┌─ DATA SUPPLIED

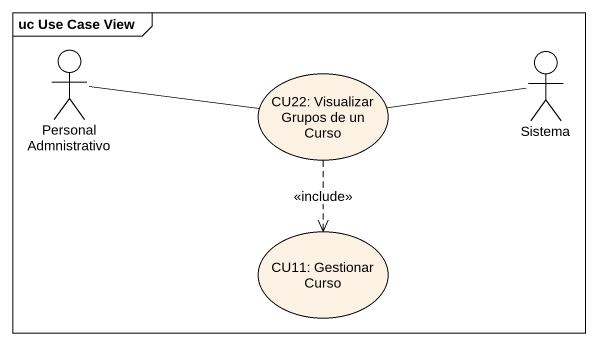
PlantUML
@startuml
mainframe uc Use Case View
actor "Personal Admnistrativo" as Personal_Admnistrativo
usecase "CU22: Visualizar Grupos de un Curso" as CU22_Visualizar_Grupos_de
actor Sistema
usecase "CU11: Gestionar Curso" as CU11_Gestionar_Curso
Personal_Admnistrativo -right- CU22_Visualizar_Grupos_de
CU22_Visualizar_Grupos_de ..> CU11_Gestionar_Curso : <<include>>
Sistema -left- CU22_Visualizar_Grupos_de
@enduml
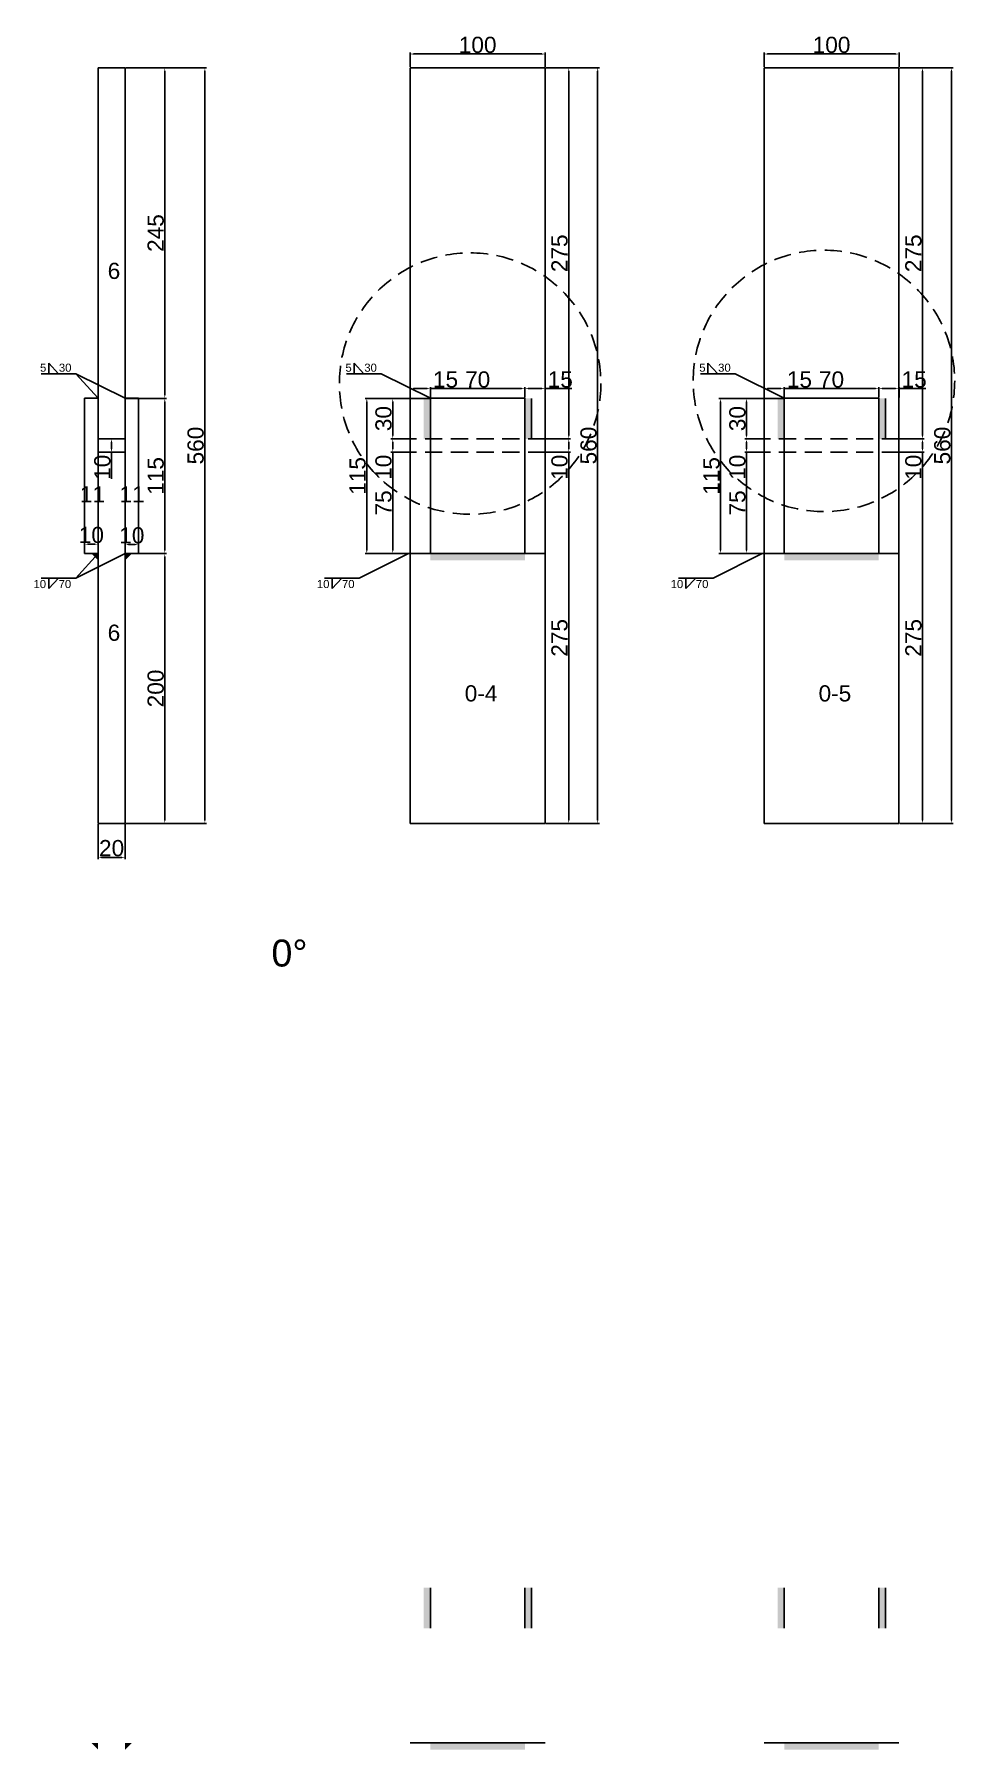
# Model space of a CAD drawing. Header units: millimetres. Extents: x 1455 to 24185, y -7314 to 4772.
# Drawn here: x 21906 to 22588, y 305 to 1576 of the extents above; entities that cross this region are included whole.
import ezdxf

# ---------------------------------------------------------------- set-up
doc = ezdxf.new("R2010")
doc.units = ezdxf.units.MM
doc.linetypes.add('DASHED', pattern=[19.05, 12.7, -6.35])
for name, color, linetype in [('切平处', 3, 'DASHED'), ('尺寸标注', 6, 'Continuous'), ('标号', 4, 'Continuous'), ('焊缝', 250, 'Continuous')]:
    doc.layers.add(name, color=color, linetype=linetype)
doc.styles.get("Standard").update_dxf_attribs({"font": 'arial.ttf'})
doc.dimstyles.new('ISO-25-JHF', dxfattribs={"dimtxt": 12, "dimasz": 2.5, "dimexe": 1.25, "dimexo": 0.625, "dimtad": 1, "dimtxsty": 'Standard', "dimcen": 2.5, "dimadec": 0, "dimazin": 0, "dimtfac": 1, "dimtmove": 0, "dimatfit": 3, "dimfxl": 1, "dimarcsym": 0})

# ---------------------------------------------------------------- blocks, each defined once
blk = doc.blocks.new('*D1747')
at = {"layer": 'Defpoints', "color": 0, "transparency": 16777216}
for p in [(22184.4, 1551.6), (22284.4, 1561.8), (22284.4, 1551.6)]:
    blk.add_point(p, dxfattribs=at)
at = {"layer": '尺寸标注', "color": 0, "lineweight": -2, "transparency": 16777216}
for p, q in [((22184.4, 1552.2), (22184.4, 1563)), ((22186.9, 1561.8), (22281.9, 1561.8)), ((22284.4, 1552.2), (22284.4, 1563))]:
    blk.add_line(p, q, dxfattribs=at)
at = {"layer": '尺寸标注', "color": 0, "transparency": 16777216}
for points in [[(22186.9, 1562.2), (22186.9, 1561.3), (22184.4, 1561.8)], [(22281.9, 1562.2), (22281.9, 1561.3), (22284.4, 1561.8)]]:
    blk.add_solid(points, dxfattribs=at)
at = {"layer": '尺寸标注', "color": 0, "transparency": 16777216, "insert": (22234.4, 1568.5), "char_height": 12, "attachment_point": 5}
blk.add_mtext('100', dxfattribs=at)
blk = doc.blocks.new('*D1748')
at = {"layer": 'Defpoints', "color": 0, "transparency": 16777216}
for p in [(22284.4, 1551.6), (22284.4, 1276.6), (22301.9, 1276.6)]:
    blk.add_point(p, dxfattribs=at)
at = {"layer": '尺寸标注', "color": 0, "lineweight": -2, "transparency": 16777216}
for p, q in [((22285, 1551.6), (22303.1, 1551.6)), ((22301.9, 1549.1), (22301.9, 1279.1)), ((22285, 1276.6), (22303.1, 1276.6))]:
    blk.add_line(p, q, dxfattribs=at)
at = {"layer": '尺寸标注', "color": 0, "transparency": 16777216}
for points in [[(22301.5, 1549.1), (22302.3, 1549.1), (22301.9, 1551.6)], [(22301.5, 1279.1), (22302.3, 1279.1), (22301.9, 1276.6)]]:
    blk.add_solid(points, dxfattribs=at)
at = {"layer": '尺寸标注', "color": 0, "transparency": 16777216, "insert": (22295.1, 1414.1), "char_height": 12, "attachment_point": 5, "rotation": 90}
blk.add_mtext('275', dxfattribs=at)
blk = doc.blocks.new('*D1749')
at = {"layer": 'Defpoints', "color": 0, "transparency": 16777216}
for p in [(22284.4, 1276.6), (22284.4, 1266.6), (22301.9, 1266.6)]:
    blk.add_point(p, dxfattribs=at)
at = {"layer": '尺寸标注', "color": 0, "lineweight": -2, "transparency": 16777216}
for p, q in [((22285, 1276.6), (22303.1, 1276.6)), ((22301.9, 1274.1), (22301.9, 1269.1)), ((22285, 1266.6), (22303.1, 1266.6)), ((22301.9, 1266.6), (22301.9, 1246.9))]:
    blk.add_line(p, q, dxfattribs=at)
at = {"layer": '尺寸标注', "color": 0, "transparency": 16777216}
for points in [[(22301.5, 1274.1), (22302.3, 1274.1), (22301.9, 1276.6)], [(22301.5, 1269.1), (22302.3, 1269.1), (22301.9, 1266.6)]]:
    blk.add_solid(points, dxfattribs=at)
at = {"layer": '尺寸标注', "color": 0, "transparency": 16777216, "insert": (22295.1, 1255.5), "char_height": 12, "attachment_point": 5, "rotation": 90}
blk.add_mtext('10', dxfattribs=at)
blk = doc.blocks.new('*D1750')
at = {"layer": 'Defpoints', "color": 0, "transparency": 16777216}
for p in [(22284.4, 1266.6), (22284.4, 991.6), (22301.9, 991.6)]:
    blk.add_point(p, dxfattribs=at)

└─

> WORK ORDER
Leave out the images and write out the lines above exactly, from the one with "actor Sistema" up to and including the one with "# Model space".

> TASK OUTPUT
actor Sistema
usecase "CU11: Gestionar Curso" as CU11_Gestionar_Curso
Personal_Admnistrativo -right- CU22_Visualizar_Grupos_de
CU22_Visualizar_Grupos_de ..> CU11_Gestionar_Curso : <<include>>
Sistema -left- CU22_Visualizar_Grupos_de
@enduml
# Model space of a CAD drawing. Header units: millimetres. Extents: x 1455 to 24185, y -7314 to 4772.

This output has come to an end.